They strengthen your stance that Gai could've been hit unexpectedly, but I already admitted I was wrong there.

They support my stance that Lee could not knock out Gai with one strike though, even if it was to the head.



> Anyway yes it is, because as a sentient being you can make arrangments to lessen the damage by blocking or switching the target of your opponents hit.



I know this. 

However, when Gai kicked Jiraiya in a _vital area_, he wasn't knocked out. Jiraiya did none of this "switching the targeted area" stuff.

Kid Lee has no feasible way of knocking out Gai in one punch.



> But would drunk Lee beat Genma was my question.



That, my friend, is a good question. Considering that _Genma hasn't fucking done anything,_ we don't exactly know the details of his ninjutsu lineup. That said, Genma's physical Databook stats were like straight 3's, so even Sober Lee likely wins a taijutsu match.

I don't know why you're even asking this though, because _unrestricted_ Anbu Itachi would stomp Lee. I'm not contesting that. We were only discussing their close combat though.



> Itachi is undoubtedly more dexterous and skillful than Lee.



No, he is faster. Adult Itachi would down Drunk Lee through his speed. That isn't what we're talking about.

When speed was roughly level, I want you to show me where Itachi was more dexterous, or "skilled" than Drunk Lee hand to hand. Bring me the scans of Itachi consistently matching a taijutsu virtuoso with a 5/5 blow for blow.

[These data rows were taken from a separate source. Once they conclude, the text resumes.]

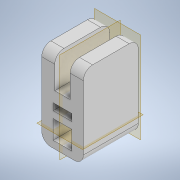
# Autodesk Inventor part: fuselage_honeycomb_interface_v2
Saved by Autodesk Inventor 2021 (Build 250183000, 183)
## iProperties
Created: 2020-12-06
Part Number: fuselage_honeycomb_interface_v2
Material: Generic
Document SubType Name: Modeling
Designer: victo
Density: 1 g/cm^3
Appearance: Default
Mass: 1.37955 g
Surface Area: 13.451 cm^2
Volume: 1.37955 cm^3
Author: victo
Autodesk Inventor part; units mm, degrees
sketch "Sketch1" plane through (0, 0, 0) normal (0, 0, 1) x (1, 0, 0)
  line L0 (-4.55, 7.5) -> (4.55, 7.5)
  line L1 (4.55, 7.5) -> (4.55, -7.5)
  line L2 (4.55, -7.5) -> (-4.55, -7.5)
  line L3 (-4.55, -7.5) -> (-4.55, 7.5)
  line L4 (-4.55, 7.5) -> (4.55, -7.5) construction
  line L5 (4.55, 7.5) -> (-4.55, -7.5) construction
  line L6 (-2.05, -2.05) -> (2.05, -2.05)
  line L7 (2.05, -2.05) -> (2.05, 2.05)
  line L8 (2.05, 2.05) -> (-2.05, 2.05)
  line L9 (-2.05, 2.05) -> (-2.05, -2.05)
  line L10 (-2.05, -2.05) -> (2.05, 2.05) construction
  line L11 (2.05, -2.05) -> (-2.05, 2.05) construction
  line L12 (-4.55, 6) -> (-4.55, 7.5)
  line L13 (-4.55, -6) -> (-4.55, -7.5)
  line L14 (4.55, 6) -> (4.55, 7.5)
  line L15 (4.55, -6) -> (4.55, -7.5)
  point P0 (0, 0)
  point P1 (16.55, 6)
  dimension "d1" = 9.1
  dimension "d2" = 4.1
  dimension "d3" = 4.1
  constraints: 32 end point, 4 midpoint, 4 parallel, 2 horizontal, 2 perpendicular
  measures "d1" distance of L0.start L0.end
  measures "d2" distance of L7.end L8.end
  measures "d3" distance of L6.end L7.end
extrude "Extrusion1" add sketch "Sketch1" along normal blind 12
sketch "Sketch2" plane through (0, 0, 12) normal (0, 0, 1) x (1, 0, 0)
  line L0 (4.55, 7.5) -> (-4.55, 7.5) projected
  line L1 (-4.55, 7.5) -> (-1.7, 7.5)
  line L2 (-1.7, 7.5) -> (-1.7, 14.5)
  line L3 (-1.7, 14.5) -> (-4.55, 14.5)
  line L4 (-4.55, 14.5) -> (-4.55, 7.5)
  line L5 (1.7, 7.5) -> (4.55, 7.5)
  line L6 (4.55, 7.5) -> (4.55, 14.5)
  line L7 (4.55, 14.5) -> (1.7, 14.5)
  line L8 (1.7, 14.5) -> (1.7, 7.5)
  point P0 (0, 0)
  point P1 (16.55, 7.5)
  point P2 (-16.55, 7.5)
  dimension "d15" = 2.85
  dimension "d16" = 2.85
  dimension "d17" = 7
  dimension "d18" = 7
  dimension "d19" = 1.7
  dimension "d20" = 1.7
  constraints: 16 end point, 4 parallel, 2 horizontal, 2 perpendicular, 2 point on line
  measures "d15" distance of L6.end L7.end
  measures "d16" distance of L2.end L3.end
  measures "d17" distance of L1.end L2.end
  measures "d18" distance of L5.end L6.end
  measures "d19" distance from line of point (0, 0) L8
  measures "d20" distance from line of point (0, 0) L2
extrude "Extrusion2" add sketch "Sketch2" against normal up to surface (12 mm away)
sketch "Sketch5" plane through (0, 0, 0) normal (0, 0, -1) x (-1, 0, 0)
  line L0 (-2.05, 5.05) -> (2.05, 5.05)
  line L1 (2.05, 5.05) -> (2.05, 3.55)
  line L2 (2.05, 3.55) -> (-2.05, 3.55)
  line L3 (-2.05, 3.55) -> (-2.05, 5.05)
  line L4 (-2.05, -3.55) -> (2.05, -3.55)
  line L5 (2.05, -3.55) -> (2.05, -5.05)
  line L6 (2.05, -5.05) -> (-2.05, -5.05)
  line L7 (-2.05, -5.05) -> (-2.05, -3.55)
  line L8 (2.05, 2.05) -> (-2.05, 2.05) projected
  line L9 (2.05, -2.05) -> (2.05, 2.05) projected
  line L10 (-2.05, -2.05) -> (2.05, -2.05) projected
  point P0 (0, 0)
  dimension "d31" = 4.1
  dimension "d32" = 4.1
  dimension "d33" = 1.5
  dimension "d34" = 1.5
  dimension "d35" = 1.5
  dimension "d36" = 1.5
  constraints: 16 end point, 4 parallel, 2 horizontal, 2 perpendicular, 2 point on line, 1 collinear
  measures "d31" distance of L0.start L0.end
  measures "d32" distance of L8.start L8.end
  measures "d33" distance between parallel lines of L8 L2
  measures "d34" distance of L0.end L1.end
  measures "d35" distance between parallel lines of L4 L10
  measures "d36" distance of L4.end L5.end
extrude "Extrusion4" cut sketch "Sketch5" against normal through all
sketch "Sketch6" plane through (0, 0, 12) normal (0, 0, 1) x (1, 0, 0)
  line L0 (-4.55, 14.5) -> (-4.55, -7.5) projected
  line L1 (-4.55, -7.5) -> (4.55, -7.5) projected
  line L2 (-4.55, -3.55) -> (4.55, -3.55)
  line L3 (4.55, -3.55) -> (4.55, -7.5)
  line L4 (4.55, -7.5) -> (-4.55, -7.5)
  line L5 (-4.55, -7.5) -> (-4.55, -3.55)
  line L6 (-2.05, -3.55) -> (2.05, -3.55) projected
  point P0 (0, 0)
  dimension "d42" = 0
  constraints: 8 end point, 2 parallel, 1 horizontal, 1 perpendicular, 1 point on line
  measures "d42" distance between parallel lines of L6 L2
extrude "Extrusion5" cut sketch "Sketch6" against normal through all
fillet "Fillet3" radius 2 6 edges at (4.55, -3.55, 6) (-4.55, -3.55, 6) (3.125, 14.5, 12) (-3.125, 14.5, 12) (-3.125, 14.5, 0) (3.125, 14.5, 0)
equation "\"d31\" = d32"
body "Solid1"
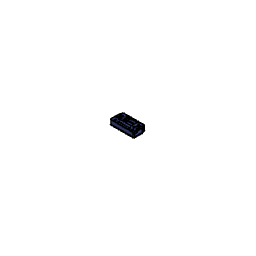
Remote (Autodesk Fusion 360 design; units mm, degrees)
Autodesk Fusion 360 part; units mm, degrees
(part 1 of 2)
sketch "Top" plane through (0, 0, 0) normal (0, 0, 1) x (1, 0, 0) in component "Case"
  line L0 (48, 28.17) -> (-50, 28.17) construction
  line L1 (-1, 28.17) -> (-1, -28.17) construction
  line L2 (-40, 26) -> (40, 26)
  circle A0 centre (45, -24.75) radius 3
  circle A1 centre (-47, -24.75) radius 1.3
  circle A2 centre (-47, -24.75) radius 3
  circle A3 centre (45, 24.75) radius 3
  line L3 (48, -28.17) -> (48, 28.17) construction
  circle A4 centre (-47, 24.75) radius 1.3
  line L4 (-50, -28.17) -> (48, -28.17) construction
  line L5 (40, 26) -> (40, -26)
  line L6 (40, -26) -> (-40, -26)
  circle A5 centre (45, -24.75) radius 1.3
  circle A6 centre (45, 24.75) radius 1.3
  line L7 (-40, -26) -> (-40, 26)
  line L8 (-50, 28.17) -> (-50, -28.17) construction
  circle A7 centre (-47, 24.75) radius 3
  line L9 (40, 0) -> (-40, 0) construction
  line L10 (-92, 15.5) -> (-92, -11.5) construction
  line L11 (-58, -11.5) -> (-92, 15.5) construction
  line L12 (-58, -11.5) -> (-58, 15.5) construction
  circle A8 centre (-75, 3) radius 11
  circle A9 centre (-62, -8) radius 2.5
  circle A10 centre (-88, -8) radius 2.5
  circle A11 centre (-88, 12) radius 2.5
  line L13 (-92, -11.5) -> (-58, -11.5) construction
  circle A12 centre (-88, 12) radius 1.25
  line L14 (-92, -11.5) -> (-58, 15.5) construction
  line L15 (-58, 2) -> (-92, 2) construction
  line L16 (-58, 15.5) -> (-92, 15.5) construction
  circle A13 centre (-62, 12) radius 1.25
  circle A14 centre (-88, -8) radius 1.25
  circle A15 centre (-62, -8) radius 1.25
  circle A16 centre (-62, 12) radius 2.5
  line L17 (-75, 15.5) -> (-75, -11.5) construction
  line L18 (1.75, 0) -> (22.5, 0)
  line L19 (0, 1.75) -> (0, 22.5)
  circle A17 centre (-45, -50) radius 3.625
  circle A18 centre (-45, -50) radius 9 construction
  line L20 (-75, 40) -> (-75, -70) construction
  circle A19 centre (-75, -50) radius 9 construction
  line L21 (-75, 10) -> (-75, -100) construction
  circle A20 centre (-75, -50) radius 3.625
  circle A21 centre (45, -50) radius 9 construction
  circle A22 centre (45, -50) radius 3.625
  circle A23 centre (75, -50) radius 9 construction
  circle A24 centre (75, -50) radius 3.625
  line L22 (-75, -50) -> (75, -50) construction
  circle A25 centre (-87, -23) radius 8
  circle A26 centre (-8, -50) radius 3.125
  circle A27 centre (87, -23) radius 8
  circle A28 centre (8, -50) radius 3.125
  line L23 (100, -65) -> (-100, -65)
  line L24 (-100, -65) -> (-100, 35)
  line L25 (-100, 35) -> (100, 35)
  line L26 (100, 35) -> (100, -65)
  line L27 (100, -65) -> (-100, 35) construction
  line L28 (-100, -65) -> (100, 35) construction
  circle A29 centre (62, -6) radius 2.5
  circle A30 centre (75, 5) radius 11
  line L29 (92, -9.5) -> (92, 17.5) construction
  circle A31 centre (88, 14) radius 1.25
  circle A32 centre (88, 14) radius 2.5
  line L30 (58, 17.5) -> (58, -9.5) construction
  circle A33 centre (88, -6) radius 2.5
  line L31 (58, -9.5) -> (92, -9.5) construction
  circle A34 centre (88, -6) radius 1.25
  line L32 (58, -9.5) -> (92, 17.5) construction
  circle A35 centre (62, 14) radius 2.5
  line L33 (92, 17.5) -> (58, 17.5) construction
  line L34 (92, 4) -> (58, 4) construction
  circle A36 centre (62, 14) radius 1.25
  line L35 (75, 17.5) -> (75, -9.5) construction
  circle A37 centre (62, -6) radius 1.25
  line L36 (92, -9.5) -> (58, 17.5) construction
  circle A38 centre (-63, -23) radius 8
  circle A39 centre (63, -23) radius 8
  circle A40 centre (-23, -50) radius 3.125
  circle A41 centre (23, -50) radius 3.125
  circle A42 centre (-55, 25) radius 3.125
  circle A43 centre (55, 25) radius 3.125
  line L37 (-43.5, -42.95) -> (-46.5, -42.95)
  line L38 (-46.5, -42.95) -> (-46.5, -41.45)
  line L39 (-46.5, -41.45) -> (-43.5, -41.45)
  line L40 (-43.5, -41.45) -> (-43.5, -42.95)
  line L41 (-43.5, -42.95) -> (-46.5, -41.45) construction
  line L42 (-46.5, -42.95) -> (-43.5, -41.45) construction
  line L43 (-36.45, -51.5) -> (-37.95, -51.5)
  line L44 (-37.95, -51.5) -> (-37.95, -48.5)
  line L45 (-37.95, -48.5) -> (-36.45, -48.5)
  line L46 (-36.45, -48.5) -> (-36.45, -51.5)
  line L47 (-36.45, -51.5) -> (-37.95, -48.5) construction
  line L48 (-37.95, -51.5) -> (-36.45, -48.5) construction
  line L49 (-43.5, -58.55) -> (-43.5, -57.05)
  line L50 (-46.5, -58.55) -> (-43.5, -58.55)
  line L51 (-46.5, -57.05) -> (-46.5, -58.55)
  line L52 (-43.5, -57.05) -> (-46.5, -57.05)
  line L53 (-73.75, -44.25) -> (-76.25, -44.25)
  line L54 (-76.25, -44.25) -> (-76.25, -42.75)
  line L55 (-76.25, -42.75) -> (-73.75, -42.75)
  line L56 (-73.75, -42.75) -> (-73.75, -44.25)
  line L57 (-73.75, -44.25) -> (-76.25, -42.75) construction
  line L58 (-76.25, -44.25) -> (-73.75, -42.75) construction
  line L59 (-45, -59) -> (-45, -41) construction
  line L60 (-52.05, -48.5) -> (-53.55, -48.5)
  line L61 (-52.05, -51.5) -> (-52.05, -48.5)
  line L62 (-53.55, -48.5) -> (-53.55, -51.5)
  line L63 (-53.55, -51.5) -> (-52.05, -51.5)
  line L64 (0, 1.75) -> (0, 22.5) construction
  line L65 (76.25, -42.75) -> (73.75, -42.75)
  line L66 (76.25, -44.25) -> (76.25, -42.75)
  line L67 (73.75, -44.25) -> (76.25, -44.25)
  line L68 (73.75, -42.75) -> (73.75, -44.25)
  line L69 (46.5, -41.45) -> (43.5, -41.45)
  line L70 (46.5, -42.95) -> (46.5, -41.45)
  line L71 (43.5, -42.95) -> (46.5, -42.95)
  line L72 (43.5, -41.45) -> (43.5, -42.95)
  line L73 (37.95, -51.5) -> (37.95, -48.5)
  line L74 (36.45, -48.5) -> (36.45, -51.5)
  line L75 (37.95, -48.5) -> (36.45, -48.5)
  line L76 (36.45, -51.5) -> (37.95, -51.5)
  line L77 (52.05, -51.5) -> (52.05, -48.5)
  line L78 (52.05, -48.5) -> (53.55, -48.5)
  line L79 (53.55, -48.5) -> (53.55, -51.5)
  line L80 (53.55, -51.5) -> (52.05, -51.5)
  line L81 (43.5, -57.05) -> (46.5, -57.05)
  line L82 (46.5, -57.05) -> (46.5, -58.55)
  line L83 (46.5, -58.55) -> (43.5, -58.55)
  line L84 (43.5, -58.55) -> (43.5, -57.05)
  line L85 (-87, -23) -> (-63, -23) construction
  line L86 (82, -43) -> (68, -43)
  line L87 (68, -43) -> (68, -57)
  line L88 (68, -57) -> (82, -57)
  line L89 (82, -57) -> (82, -43)
  line L90 (82, -43) -> (68, -57) construction
  line L91 (68, -43) -> (82, -57) construction
  line L92 (-68, -57) -> (-82, -57)
  line L93 (-68, -43) -> (-68, -57)
  line L94 (-82, -57) -> (-82, -43)
  line L95 (-82, -43) -> (-68, -43)
  point P0 (-75, 2)
  point P1 (-75, 2)
  point P2 (0, -15)
  point P3 (75, 4)
  point P4 (75, 4)
  point P5 (74.877, 10)
  point P6 (-45, -42.2)
  point P7 (-37.2, -50)
  point P8 (-75, -43.5)
  point P9 (75, -50)
  dimension "d1592" = 80
  dimension "d1593" = 52
  dimension "d1594" = 98
  dimension "d1595" = 56.34
  dimension "d1596" = 2.6
  dimension "d1597" = 3.42
  dimension "d1598" = 3
  dimension "d1607" = 6
  dimension "d1608" = 34
  dimension "d1609" = 27
  dimension "d1610" = 5
  dimension "d1611" = 2.5
  dimension "d1612" = 10
  dimension "d1613" = 13
  dimension "d1614" = 22
  dimension "d1615" = 1
  dimension "d1616" = 28.17
  dimension "d1617" = 50
  dimension "d1618" = 40
  dimension "d1619" = 35
  dimension "d1629" = 7.25
  dimension "d1630" = 18
  dimension "d1632" = 7.25
  dimension "d1633" = 18
  dimension "d1634" = 16
  dimension "d1635" = 6.25
  dimension "d1638" = 30
  dimension "d1641" = 200
  dimension "d1642" = 100
  dimension "d1650" = 32
  dimension "d1651" = 15
  dimension "d1652" = 35
  dimension "d1653" = 34
  dimension "d1654" = 27
  dimension "d1655" = 5
  dimension "d1656" = 2.5
  dimension "d1657" = 10
  dimension "d1658" = 13
  dimension "d1659" = 22
  dimension "d1660" = 1
  dimension "d1661" = 35
  dimension "d1817" = 12
  dimension "d1819" = 58
  dimension "d1820" = 25
  dimension "d1821" = 6.25
  dimension "d1822" = 22
  dimension "d1823" = 15
  dimension "d1824" = 6.25
  dimension "d1825" = 10
  dimension "d1826" = 45
  dimension "d1853" = 3
  dimension "d1854" = 1.5
  dimension "d1855" = 7.8
  dimension "d1856" = 1.5
  dimension "d1857" = 3
  dimension "d1858" = 7.8
  dimension "d1859" = 2.5
  dimension "d1860" = 1.5
  dimension "d1861" = 6.5
  dimension "d1864" = 14
  dimension "d1865" = 14
  constraint horizontal L2
  constraint vertical L5
  constraint horizontal L6
  constraint vertical L7
  constraint midpoint L9.start L5
  constraint midpoint L9.end L7
  constraint horizontal L0
  constraint perpendicular L0 L8
  constraint parallel L0 L4
  constraint parallel L3 L8
  constraint symmetric A5 A6 L9
  constraint concentric A0 A5
  constraint symmetric A0 A3 L9
  constraint midpoint L1.start L0
  constraint midpoint L1.end L4
  constraint symmetric L1 A1 A5
  constraint symmetric L1 A4 A6
  constraint symmetric L1 A0 A2
  constraint symmetric L1 A3 A7
  constraint perpendicular L12 L13
  constraint parallel L13 L16
  constraint parallel L10 L12
  constraint concentric A9 A15
  constraint symmetric A9 A10 L17
  constraint symmetric A14 A15 L17
  constraint symmetric A9 L15 A16
  constraint symmetric L15 A13 A15
  constraint symmetric A10 A11 L15
  constraint symmetric A12 L15 A14
  constraint coincident A8.centre L17
  constraint coincident P1 L11
  constraint coincident P1 L14
  constraint coincident P1 L17
  constraint coincident L17.end L13
  constraint coincident L17.start L16
  constraint coincident L15.end L10
  constraint coincident L15.start L12
  constraint coincident P1 L15
  constraint perpendicular L10 L15
  constraint collinear L9 L18
  constraint concentric A17 A18
  constraint vertical L20
  constraint concentric A19 A20
  constraint vertical L21
  constraint symmetric L19 A17 A22
  constraint symmetric L19 A18 A21
  constraint symmetric L19 A19 A23
  constraint symmetric L19 A20 A24
  constraint coincident A19.centre A20.centre
  constraint coincident P9 A23.centre
  constraint coincident L22 A26.centre
  constraint coincident A17.centre L22
  constraint coincident L21 A19.centre
  constraint symmetric L19 A25 A27
  constraint symmetric L19 A26 A28
  constraint horizontal L23
  constraint perpendicular L23 L24
  constraint parallel L23 L25
  constraint parallel L24 L26
  constraint coincident L27 P2
  constraint coincident L28 P2
  constraint coincident L19 P2
  constraint parallel L10 L17
  constraint parallel L13 L18
  constraint perpendicular L29 L31
  constraint parallel L31 L33
  constraint parallel L29 L30
  constraint concentric A33 A34
  constraint symmetric A29 A33 L35
  constraint symmetric A34 L35 A37
  constraint symmetric A32 A33 L34
  constraint symmetric A31 A34 L34
  constraint symmetric A29 A35 L34
  constraint symmetric L34 A36 A37
  constraint coincident A30.centre L35
  constraint coincident P4 L36
  constraint coincident P4 L32
  constraint coincident P4 L35
  constraint coincident L35.end L31
  constraint coincident L35.start L33
  constraint coincident L34.end L30
  constraint coincident L34.start L29
  constraint coincident P4 L34
  constraint perpendicular L30 L34
  constraint parallel L30 L35
  constraint collinear L20 L21
  constraint symmetric L20 A25 A38
  constraint symmetric L19 A38 A39
  constraint coincident L22 A40.centre
  constraint symmetric L19 A40 A41
  constraint symmetric L19 A42 A43
  constraint horizontal L37
  constraint perpendicular L37 L38
  constraint parallel L37 L39
  constraint parallel L38 L40
  constraint coincident L41 P6
  constraint coincident L42 P6
  constraint horizontal L43
  constraint perpendicular L43 L44
  constraint parallel L43 L45
  constraint parallel L44 L46
  constraint coincident L47 P7
  constraint coincident L48 P7
  constraint coincident L22 P7
  constraint symmetric L22 L37.start L49.end
  constraint symmetric L22 L37.end L51.start
  constraint symmetric L22 L38.end L50.start
  constraint symmetric L22 L39.end L49.start
  constraint horizontal L53
  constraint perpendicular L53 L54
  constraint parallel L53 L55
  constraint parallel L54 L56
  constraint coincident L57 P8
  constraint coincident L58 P8
  constraint coincident L20 P8
  constraint coincident L21 P8
  constraint coincident A18 L59.start
  constraint coincident A18 L59.end
  constraint perpendicular L39 L59
  constraint symmetric L43.start L59 L62.end
  constraint symmetric L43.end L59 L61.start
  constraint symmetric L44.end L59 L60.start
  constraint symmetric L45.end L59 L60.end
  constraint symmetric L37.start L64 L71.start
  constraint symmetric L37.end L64 L70.start
  constraint symmetric L38.end L64 L69.start
  constraint symmetric L39.end L64 L69.end
  constraint symmetric L43.start L64 L74.end
  constraint symmetric L43.end L64 L73.start
  constraint symmetric L44.end L64 L73.end
  constraint symmetric L45.end L64 L74.start
  constraint symmetric L49.start L64 L83.end
  constraint symmetric L49.end L64 L81.start
  constraint symmetric L50.start L64 L82.end
  constraint symmetric L51.start L64 L81.end
  constraint symmetric L53.start L64 L67.start
  constraint symmetric L53.end L64 L66.start
  constraint symmetric L54.end L64 L65.start
  constraint symmetric L55.end L64 L65.end
  constraint symmetric L60.start L64 L77.end
  constraint symmetric L60.end L64 L78.end
  constraint symmetric L61.start L64 L77.start
  constraint symmetric L62.end L64 L79.end
  constraint coincident A25.centre L85.start
  constraint coincident A38.centre L85.end
  constraint horizontal L86
  constraint perpendicular L86 L87
  constraint parallel L86 L88
  constraint parallel L87 L89
  constraint coincident L90 P9
  constraint coincident L91 P9
  constraint symmetric L19 L86.start L94.end
  constraint symmetric L19 L86.end L93.start
  constraint symmetric L19 L87.end L92.start
  constraint symmetric L19 L88.end L92.end
  measures "d1592" distance of L2.start L2.end
  measures "d1593" distance of L2.start L6.end
  measures "d1594" distance of L3.start L4.start
  measures "d1595" distance of L0.end L4.start
  measures "d1596" diameter of A5
  measures "d1597" distance of A0.centre L4
  measures "d1598" distance of A0.centre L3
  measures "d1607" diameter of A0
  measures "d1608" distance of L12.end L10.start
  measures "d1609" distance of L12.end L11.start
  measures "d1610" diameter of A9
  measures "d1611" diameter of A15
  measures "d1612" distance of A9.centre L15
  measures "d1613" distance of A9.centre L17
  measures "d1614" diameter of A8
  measures "d1615" distance of A8.centre L15
  measures "d1616" distance of L0 L9
  measures "d1617" distance of L8 L19
  measures "d1618" distance of L7 L19
  measures "d1619" distance of L7 A8.centre
  measures "d1629" diameter of A17
  measures "d1630" diameter of A18
  measures "d1632" diameter of A20
  measures "d1633" diameter of A19
  measures "d1634" diameter of A25
  measures "d1635" diameter of A26
  measures "d1638" distance of A17.centre A19.centre
  measures "d1641" distance of L24.end L25.end
  measures "d1642" distance of L23.end L24.end
  measures "d1650" distance of A8.centre L25
  measures "d1651" distance of L22 L23
  measures "d1652" distance of L9 L25
  measures "d1653" distance of L30.start L29.end
  measures "d1654" distance of L29.start L29.end
  measures "d1655" diameter of A33
  measures "d1656" diameter of A34
  measures "d1657" distance of A33.centre L34
  measures "d1658" distance of A33.centre L35
  measures "d1659" diameter of A30
  measures "d1660" distance of A30.centre L34
  measures "d1661" distance of L5 A30.centre
  measures "d1817" distance of L20 A25.centre
  measures "d1819" distance of A25.centre L25
  measures "d1820" distance of L20 L24
  measures "d1821" diameter of A40
  measures "d1822" distance of A17.centre A40.centre
  measures "d1823" distance of A26.centre A40.centre
  measures "d1824" diameter of A42
  measures "d1825" distance of L25 A42.centre
  measures "d1826" distance of L24 A42.centre
  measures "d1853" distance of L38.end L39.end
  measures "d1854" distance of L37.end L38.end
  measures "d1855" distance of A17.centre P6
  measures "d1856" distance of L44.end L45.end
  measures "d1857" distance of L43.end L44.end
  measures "d1858" distance of A17.centre P7
  measures "d1859" distance of L54.end L55.end
  measures "d1860" distance of L53.end L54.end
  measures "d1861" distance of A19.centre P8
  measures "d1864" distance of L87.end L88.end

Fucking Naruto was competent enough to keep up with Itachi's maneuvers. Itachi isn't the end all be all in taijutsu when he doesn't have a huge speed advantage on his opponent. 



> Yeah at best he has Jounin speed. 13 year old Itachi should be faster, given his portrayal vs Oro, Tobi, and Uchiha Jonin.



What the hell does Itachi's portrayal against high-level opponents have to do with his speed?



> dodging seven swords coming from different angle, at different rates from Killer Bee in his stance is much different than blocking Lee's fist and feet.



Drunk Lee attacks with his fists, feet, elbows, legs, skull....there's not much of a difference. B throwing unpredictable attacks from the sword in his mouth is no different than Lee throwing unorthodox strikes with his head. The only different is the range and lethality of B's movements (because he fights with blades), but that was mitigated by the fact that _Sasuke also had a sword._ 

B is generally more _deadly_ because he can use these abnormal and unreadable maneuvers with swords, but he isn't more _unpredictable_ than Lee, because throwing different strikes from different angles at different rates can be done with both blades _and_ body parts broski.



> Because Kimmimaro doesn't have the speed and reactions to keep up IMO. Kimmimaro would never do to MS Sasuke what Bee did to him. The fact that drunk Lee was landing hits isn't so much a good thing for Lee as it is a bad showing for Kimmimaro.



Kimimaro is not unpredictable enough to beat the Shringan's "precognition." Lee very well may be.  If you take away that sword from Sasuke and put him up against Drunk Lee in a fist fight, he's going to get beat badly.


----------



## Grimmjowsensei (Oct 8, 2014)

Rocky said:


> That makes no sense. None. Read what you just wrote.


I actually have no idea why can't make sense out of something so simple as this.



> If Sasuke can read B's movement and thus _know what is about to happen_, how is exactly is "skill" a factor in determining whether or not he can guard?
> 
> If Sasuke's knows exactly where B's blade is going to be, and Sasuke possesses the reflexes to evade (which he does) or even block it with his own, then how the fuck is "skill" stopping him from doing _either_ of the aforementioned things?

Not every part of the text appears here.